Fragen, die das Herz berühren


Workshops beim Kirchberger Dialog bieten Raum für intensives Nachhaken Führungskräfte aus Wirtschaft und Sozialwirtschaft haben vor allem eines gemeinsam: Ihnen fehlt häufig die Zeit, um Themen und Fragestellungen bis in die letzte Konsequenz zu durchleuchten. Gut also, wenn es Tagungen wie den 13ten Kirchberger Dialog gibt, bei dem kleinere Gruppen in ausgesuchten Workshops, sich intensiv für eine begrenzte Zeitdauer mit einem Thema auseinandersetzen. 

Die 90 Teilnehmer des 13ten Kirchberger Dialogs freuten sich, dass sie in vier Workshops mehre Stunden Zeit hatten, sich intensiv mit einem Thema zu befassen. Die Themen: Workshop I: Mut und Verantwortung – meine persönliche Reaktion in ethischen Dilemmata; Workshop II: Bildung durch Gamification – Werbemasche oder Bildungschance? Workshop III: Warum stehst du morgens auf – Zwischen standardisiertem Mensch und Selbstverantwortung; Workshop IV: Wenn der Puls stimmt – musikalischer Selbstausdruck. Die angebotenen Workshops liefen an beiden Tagungstagen, so dass jeder sich zwei Themenbereichen widmen konnte. Bevor es in die einzelnen Workshops ging, wurde die Thematik insgesamt „Wie künstliche Intelligenz die Welt verändert“, vom Feedbacktheater Jakob Nacken und Mirjam Waggon humoristisch aufgearbeitet. Die beiden Darsteller fassten die Themen der Tagung improvisiert hervorragend zusammen.

Im ersten Workshop führte dann Peter Bartels, Supervisor und Psychodramaleiter die Teilnehmenden des Workshops durch die Betrachtung der Frage, was es braucht, um selbstverantwortlich Handeln und agieren zu können. Dabei wurde der allgegenwärtige Trend des Vernetzens in jedem Bereich unseres Lebens erörtert. Es wurde nachgefragt, warum Vernetzen schwer fällt , und was uns daran hindert, auf relevanten Plattformen aufzutreten. Es wurde definiert, was ein Problem kennzeichnet, und wann ein Dilemma beginnt.

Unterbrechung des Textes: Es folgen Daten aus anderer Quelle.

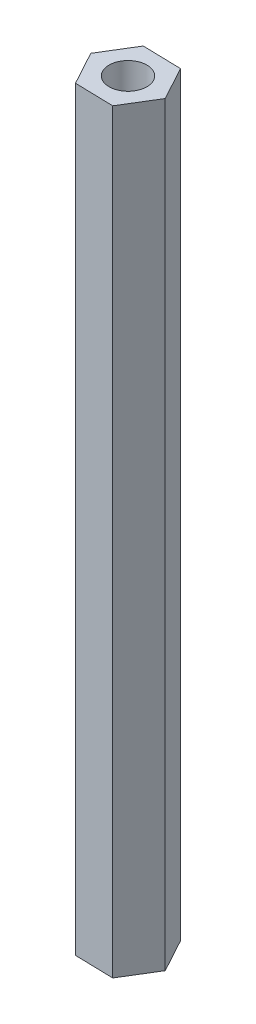
ISO-10303-21;
HEADER;
FILE_DESCRIPTION(('STEP AP214'),'2;1');
FILE_NAME('part.step','',(''),(''),'','','');
FILE_SCHEMA(('AUTOMOTIVE_DESIGN { 1 0 10303 214 1 1 1 1 }'));
ENDSEC;
DATA;
#1=APPLICATION_CONTEXT('core data for automotive mechanical design processes');
#2=APPLICATION_PROTOCOL_DEFINITION('international standard','automotive_design',2000,#1);
#3=PRODUCT_CONTEXT('',#1,'mechanical');
#4=PRODUCT('Part','Part','',(#3));
#5=PRODUCT_RELATED_PRODUCT_CATEGORY('part','',(#4));
#6=PRODUCT_DEFINITION_FORMATION('','',#4);
#7=PRODUCT_DEFINITION_CONTEXT('part definition',#1,'design');
#8=PRODUCT_DEFINITION('design','',#6,#7);
#9=PRODUCT_DEFINITION_SHAPE('','',#8);
#10=(LENGTH_UNIT() NAMED_UNIT(*) SI_UNIT(.MILLI.,.METRE.));
#11=(NAMED_UNIT(*) PLANE_ANGLE_UNIT() SI_UNIT($,.RADIAN.));
#12=(NAMED_UNIT(*) SI_UNIT($,.STERADIAN.) SOLID_ANGLE_UNIT());
#13=UNCERTAINTY_MEASURE_WITH_UNIT(LENGTH_MEASURE(1.E-05),#10,'distance_accuracy_value','');
#14=(GEOMETRIC_REPRESENTATION_CONTEXT(3) GLOBAL_UNCERTAINTY_ASSIGNED_CONTEXT((#13)) GLOBAL_UNIT_ASSIGNED_CONTEXT((#10,
#11,#12)) REPRESENTATION_CONTEXT('',''));
#15=CARTESIAN_POINT('',(0.,0.,0.));
#16=DIRECTION('',(0.,0.,1.));
#17=DIRECTION('',(1.,0.,0.));
#18=AXIS2_PLACEMENT_3D('',#15,#16,#17);
#19=CARTESIAN_POINT('',(0.,60.,0.));
#20=DIRECTION('',(0.,1.,0.));
#21=DIRECTION('',(0.,0.,1.));
#22=AXIS2_PLACEMENT_3D('',#19,#20,#21);
#23=PLANE('',#22);
#24=DIRECTION('',(-0.477820878942088,0.,-0.878457288459155));
#25=VECTOR('',#24,1.);
#26=CARTESIAN_POINT('',(3.03311312868402,60.,0.0771376629807));
#27=LINE('',#26,#25);
#28=CARTESIAN_POINT('',(3.03311312868402,60.,0.0771376629807));
#29=VERTEX_POINT('',#28);
#30=CARTESIAN_POINT('',(1.58335974007186,60.,-2.58818419050211));
#31=VERTEX_POINT('',#30);
#32=EDGE_CURVE('E146',#29,#31,#27,.T.);
#33=ORIENTED_EDGE('',*,*,#32,.T.);
#34=DIRECTION('',(-0.999676767416267,0.,-0.0254236246071209));
#35=VECTOR('',#34,1.);
#36=CARTESIAN_POINT('',(1.58335974007186,60.,-2.58818419050211));
#37=LINE('',#36,#35);
#38=CARTESIAN_POINT('',(-1.44975338861216,60.,-2.66532185348281));
#39=VERTEX_POINT('',#38);
#40=EDGE_CURVE('E94',#31,#39,#37,.T.);
#41=ORIENTED_EDGE('',*,*,#40,.T.);
#42=DIRECTION('',(-0.521855888474179,0.,0.853033663852034));
#43=VECTOR('',#42,1.);
#44=CARTESIAN_POINT('',(-1.44975338861216,60.,-2.66532185348281));
#45=LINE('',#44,#43);
#46=CARTESIAN_POINT('',(-3.03311312868402,60.,-0.0771376629807));
#47=VERTEX_POINT('',#46);
#48=EDGE_CURVE('E107',#39,#47,#45,.T.);
#49=ORIENTED_EDGE('',*,*,#48,.T.);
#50=DIRECTION('',(0.477820878942088,0.,0.878457288459155));
#51=VECTOR('',#50,1.);
#52=CARTESIAN_POINT('',(-3.03311312868402,60.,-0.0771376629807));
#53=LINE('',#52,#51);
#54=CARTESIAN_POINT('',(-1.58335974007186,60.,2.58818419050211));
#55=VERTEX_POINT('',#54);
#56=EDGE_CURVE('E101',#47,#55,#53,.T.);
#57=ORIENTED_EDGE('',*,*,#56,.T.);
#58=DIRECTION('',(0.999676767416267,0.,0.0254236246071206));
#59=VECTOR('',#58,1.);
#60=CARTESIAN_POINT('',(-1.58335974007186,60.,2.58818419050211));
#61=LINE('',#60,#59);
#62=CARTESIAN_POINT('',(1.44975338861216,60.,2.66532185348281));
#63=VERTEX_POINT('',#62);
#64=EDGE_CURVE('E105',#55,#63,#61,.T.);
#65=ORIENTED_EDGE('',*,*,#64,.T.);
#66=DIRECTION('',(0.521855888474179,0.,-0.853033663852034));
#67=VECTOR('',#66,1.);
#68=CARTESIAN_POINT('',(1.44975338861216,60.,2.66532185348281));
#69=LINE('',#68,#67);
#70=EDGE_CURVE('E57',#63,#29,#69,.T.);
#71=ORIENTED_EDGE('',*,*,#70,.T.);
#72=EDGE_LOOP('',(#33,#41,#49,#57,#65,#71));
#73=FACE_BOUND('',#72,.T.);
#74=CARTESIAN_POINT('',(0.,60.,0.));
#75=DIRECTION('',(0.,1.,0.));
#76=DIRECTION('',(0.,0.,1.));
#77=AXIS2_PLACEMENT_3D('',#74,#75,#76);
#78=CIRCLE('',#77,1.5);
#79=CARTESIAN_POINT('',(0.,60.,1.5));
#80=VERTEX_POINT('',#79);
#81=EDGE_CURVE('E134',#80,#80,#78,.T.);
#82=ORIENTED_EDGE('',*,*,#81,.F.);
#83=EDGE_LOOP('',(#82));
#84=FACE_BOUND('',#83,.T.);
#85=ADVANCED_FACE('F39',(#73,#84),#23,.T.);
#86=CARTESIAN_POINT('',(0.,0.,0.));
#87=DIRECTION('',(0.,1.,0.));
#88=DIRECTION('',(0.,0.,1.));
#89=AXIS2_PLACEMENT_3D('',#86,#87,#88);
#90=PLANE('',#89);
#91=DIRECTION('',(-0.477820878942088,0.,-0.878457288459155));
#92=VECTOR('',#91,1.);
#93=CARTESIAN_POINT('',(3.03311312868402,0.,0.0771376629807));
#94=LINE('',#93,#92);
#95=CARTESIAN_POINT('',(3.03311312868402,0.,0.0771376629807));
#96=VERTEX_POINT('',#95);
#97=CARTESIAN_POINT('',(1.58335974007186,0.,-2.58818419050211));
#98=VERTEX_POINT('',#97);
#99=EDGE_CURVE('E129',#96,#98,#94,.T.);
#100=ORIENTED_EDGE('',*,*,#99,.F.);
#101=DIRECTION('',(0.521855888474179,0.,-0.853033663852034));
#102=VECTOR('',#101,1.);
#103=CARTESIAN_POINT('',(1.44975338861216,0.,2.66532185348281));
#104=LINE('',#103,#102);
#105=CARTESIAN_POINT('',(1.44975338861216,0.,2.66532185348281));
#106=VERTEX_POINT('',#105);
#107=EDGE_CURVE('E86',#106,#96,#104,.T.);
#108=ORIENTED_EDGE('',*,*,#107,.F.);
#109=DIRECTION('',(0.999676767416267,0.,0.0254236246071206));
#110=VECTOR('',#109,1.);
#111=CARTESIAN_POINT('',(-1.58335974007186,0.,2.58818419050211));
#112=LINE('',#111,#110);
#113=CARTESIAN_POINT('',(-1.58335974007186,0.,2.58818419050211));
#114=VERTEX_POINT('',#113);
#115=EDGE_CURVE('E80',#114,#106,#112,.T.);
#116=ORIENTED_EDGE('',*,*,#115,.F.);
#117=DIRECTION('',(0.477820878942088,0.,0.878457288459155));
#118=VECTOR('',#117,1.);
#119=CARTESIAN_POINT('',(-3.03311312868402,0.,-0.0771376629807));
#120=LINE('',#119,#118);
#121=CARTESIAN_POINT('',(-3.03311312868402,0.,-0.0771376629807));
#122=VERTEX_POINT('',#121);
#123=EDGE_CURVE('E116',#122,#114,#120,.T.);
#124=ORIENTED_EDGE('',*,*,#123,.F.);
#125=DIRECTION('',(-0.521855888474179,0.,0.853033663852034));
#126=VECTOR('',#125,1.);
#127=CARTESIAN_POINT('',(-1.44975338861216,0.,-2.66532185348281));
#128=LINE('',#127,#126);
#129=CARTESIAN_POINT('',(-1.44975338861216,0.,-2.66532185348281));
#130=VERTEX_POINT('',#129);
#131=EDGE_CURVE('E137',#130,#122,#128,.T.);
#132=ORIENTED_EDGE('',*,*,#131,.F.);
#133=DIRECTION('',(-0.999676767416267,0.,-0.0254236246071209));
#134=VECTOR('',#133,1.);
#135=CARTESIAN_POINT('',(1.58335974007186,0.,-2.58818419050211));
#136=LINE('',#135,#134);
#137=EDGE_CURVE('E133',#98,#130,#136,.T.);
#138=ORIENTED_EDGE('',*,*,#137,.F.);
#139=EDGE_LOOP('',(#100,#108,#116,#124,#132,#138));
#140=FACE_BOUND('',#139,.T.);
#141=CARTESIAN_POINT('',(0.,0.,0.));
#142=DIRECTION('',(0.,1.,0.));
#143=DIRECTION('',(0.,0.,1.));
#144=AXIS2_PLACEMENT_3D('',#141,#142,#143);
#145=CIRCLE('',#144,1.5);
#146=CARTESIAN_POINT('',(0.,0.,1.5));
#147=VERTEX_POINT('',#146);
#148=EDGE_CURVE('E243',#147,#147,#145,.T.);
#149=ORIENTED_EDGE('',*,*,#148,.T.);
#150=EDGE_LOOP('',(#149));
#151=FACE_BOUND('',#150,.T.);
#152=ADVANCED_FACE('F159',(#140,#151),#90,.F.);
#153=CARTESIAN_POINT('',(3.03311312868402,60.,0.0771376629807));
#154=DIRECTION('',(-0.878457288459155,0.,0.477820878942087));
#155=DIRECTION('',(0.477820878942088,0.,0.878457288459155));
#156=AXIS2_PLACEMENT_3D('',#153,#154,#155);
#157=PLANE('',#156);
#158=ORIENTED_EDGE('',*,*,#99,.T.);
#159=DIRECTION('',(0.,-1.,0.));
#160=VECTOR('',#159,1.);
#161=CARTESIAN_POINT('',(1.58335974007186,60.,-2.58818419050211));
#162=LINE('',#161,#160);
#163=EDGE_CURVE('E11',#31,#98,#162,.T.);
#164=ORIENTED_EDGE('',*,*,#163,.F.);
#165=ORIENTED_EDGE('',*,*,#32,.F.);
#166=DIRECTION('',(0.,-1.,0.));
#167=VECTOR('',#166,1.);
#168=CARTESIAN_POINT('',(3.03311312868402,60.,0.0771376629807));
#169=LINE('',#168,#167);
#170=EDGE_CURVE('E125',#29,#96,#169,.T.);
#171=ORIENTED_EDGE('',*,*,#170,.T.);
#172=EDGE_LOOP('',(#158,#164,#165,#171));
#173=FACE_BOUND('',#172,.T.);
#174=ADVANCED_FACE('F41',(#173),#157,.F.);
#175=CARTESIAN_POINT('',(1.58335974007186,60.,-2.58818419050211));
#176=DIRECTION('',(-0.0254236246071209,0.,0.999676767416267));
#177=DIRECTION('',(0.999676767416267,0.,0.0254236246071209));
#178=AXIS2_PLACEMENT_3D('',#175,#176,#177);
#179=PLANE('',#178);
#180=ORIENTED_EDGE('',*,*,#137,.T.);
#181=DIRECTION('',(0.,-1.,0.));
#182=VECTOR('',#181,1.);
#183=CARTESIAN_POINT('',(-1.44975338861216,60.,-2.66532185348281));
#184=LINE('',#183,#182);
#185=EDGE_CURVE('E49',#39,#130,#184,.T.);
#186=ORIENTED_EDGE('',*,*,#185,.F.);
#187=ORIENTED_EDGE('',*,*,#40,.F.);
#188=ORIENTED_EDGE('',*,*,#163,.T.);
#189=EDGE_LOOP('',(#180,#186,#187,#188));
#190=FACE_BOUND('',#189,.T.);
#191=ADVANCED_FACE('F184',(#190),#179,.F.);
#192=CARTESIAN_POINT('',(-1.44975338861216,60.,-2.66532185348281));
#193=DIRECTION('',(0.853033663852034,0.,0.521855888474179));
#194=DIRECTION('',(0.521855888474179,0.,-0.853033663852034));
#195=AXIS2_PLACEMENT_3D('',#192,#193,#194);
#196=PLANE('',#195);
#197=ORIENTED_EDGE('',*,*,#131,.T.);
#198=DIRECTION('',(0.,-1.,0.));
#199=VECTOR('',#198,1.);
#200=CARTESIAN_POINT('',(-3.03311312868402,60.,-0.0771376629807));
#201=LINE('',#200,#199);
#202=EDGE_CURVE('E118',#47,#122,#201,.T.);
#203=ORIENTED_EDGE('',*,*,#202,.F.);
#204=ORIENTED_EDGE('',*,*,#48,.F.);
#205=ORIENTED_EDGE('',*,*,#185,.T.);
#206=EDGE_LOOP('',(#197,#203,#204,#205));
#207=FACE_BOUND('',#206,.T.);
#208=ADVANCED_FACE('F156',(#207),#196,.F.);
#209=CARTESIAN_POINT('',(-3.03311312868402,60.,-0.0771376629807));
#210=DIRECTION('',(0.878457288459155,0.,-0.477820878942088));
#211=DIRECTION('',(-0.477820878942088,0.,-0.878457288459155));
#212=AXIS2_PLACEMENT_3D('',#209,#210,#211);
#213=PLANE('',#212);
#214=ORIENTED_EDGE('',*,*,#123,.T.);
#215=DIRECTION('',(0.,-1.,0.));
#216=VECTOR('',#215,1.);
#217=CARTESIAN_POINT('',(-1.58335974007186,60.,2.58818419050211));
#218=LINE('',#217,#216);
#219=EDGE_CURVE('E113',#55,#114,#218,.T.);
#220=ORIENTED_EDGE('',*,*,#219,.F.);
#221=ORIENTED_EDGE('',*,*,#56,.F.);
#222=ORIENTED_EDGE('',*,*,#202,.T.);
#223=EDGE_LOOP('',(#214,#220,#221,#222));
#224=FACE_BOUND('',#223,.T.);
#225=ADVANCED_FACE('F114',(#224),#213,.F.);
#226=CARTESIAN_POINT('',(-1.58335974007186,60.,2.58818419050211));
#227=DIRECTION('',(0.0254236246071206,0.,-0.999676767416266));
#228=DIRECTION('',(-0.999676767416267,0.,-0.0254236246071206));
#229=AXIS2_PLACEMENT_3D('',#226,#227,#228);
#230=PLANE('',#229);
#231=ORIENTED_EDGE('',*,*,#115,.T.);
#232=DIRECTION('',(0.,-1.,0.));
#233=VECTOR('',#232,1.);
#234=CARTESIAN_POINT('',(1.44975338861216,60.,2.66532185348281));
#235=LINE('',#234,#233);
#236=EDGE_CURVE('E119',#63,#106,#235,.T.);
#237=ORIENTED_EDGE('',*,*,#236,.F.);
#238=ORIENTED_EDGE('',*,*,#64,.F.);
#239=ORIENTED_EDGE('',*,*,#219,.T.);
#240=EDGE_LOOP('',(#231,#237,#238,#239));
#241=FACE_BOUND('',#240,.T.);
#242=ADVANCED_FACE('F121',(#241),#230,.F.);
#243=CARTESIAN_POINT('',(1.44975338861216,60.,2.66532185348281));
#244=DIRECTION('',(-0.853033663852034,0.,-0.521855888474179));
#245=DIRECTION('',(-0.521855888474179,0.,0.853033663852034));
#246=AXIS2_PLACEMENT_3D('',#243,#244,#245);
#247=PLANE('',#246);
#248=ORIENTED_EDGE('',*,*,#107,.T.);
#249=ORIENTED_EDGE('',*,*,#170,.F.);
#250=ORIENTED_EDGE('',*,*,#70,.F.);
#251=ORIENTED_EDGE('',*,*,#236,.T.);
#252=EDGE_LOOP('',(#248,#249,#250,#251));
#253=FACE_BOUND('',#252,.T.);
#254=ADVANCED_FACE('F164',(#253),#247,.F.);
#255=CARTESIAN_POINT('',(0.,60.,0.));
#256=DIRECTION('',(0.,-1.,0.));
#257=DIRECTION('',(0.,0.,-1.));
#258=AXIS2_PLACEMENT_3D('',#255,#256,#257);
#259=CYLINDRICAL_SURFACE('',#258,1.5);
#260=ORIENTED_EDGE('',*,*,#81,.T.);
#261=EDGE_LOOP('',(#260));
#262=FACE_BOUND('',#261,.T.);
#263=ORIENTED_EDGE('',*,*,#148,.F.);
#264=EDGE_LOOP('',(#263));
#265=FACE_BOUND('',#264,.T.);
#266=ADVANCED_FACE('F166',(#262,#265),#259,.F.);
#267=CLOSED_SHELL('',(#85,#152,#174,#191,#208,#225,#242,#254,#266));
#268=MANIFOLD_SOLID_BREP('B2',#267);
#269=ADVANCED_BREP_SHAPE_REPRESENTATION('',(#18,#268),#14);
#270=SHAPE_DEFINITION_REPRESENTATION(#9,#269);
ENDSEC;
END-ISO-10303-21;

Klar wurde dabei, dass es bei der Frage, welche persönliche Rolle nehme ich beim Betrachten ein, sehr stark um eigenen Emotionen geht. Es war die Rede von Überforderung, von Hilflosigkeit und Machtlosigkeit. Das Psychodrama ist eine Aktionsmethode, bei der eine Gruppe von Personen zusammenarbeitet. Der Psychodramaleiter berät diese Arbeit. Ein Gruppenmitglied, der Protagonist, steht im Mittelpunkt. Der Leiter erarbeitet mit ihm seine Geschichte und bittet ihn, diese mittels einer Szene auf einer Bühne vorzustellen. Für dieses Spiel gibt es kein vorgefertigtes Drehbuch. Es entwickelt sich aus der Situation heraus. 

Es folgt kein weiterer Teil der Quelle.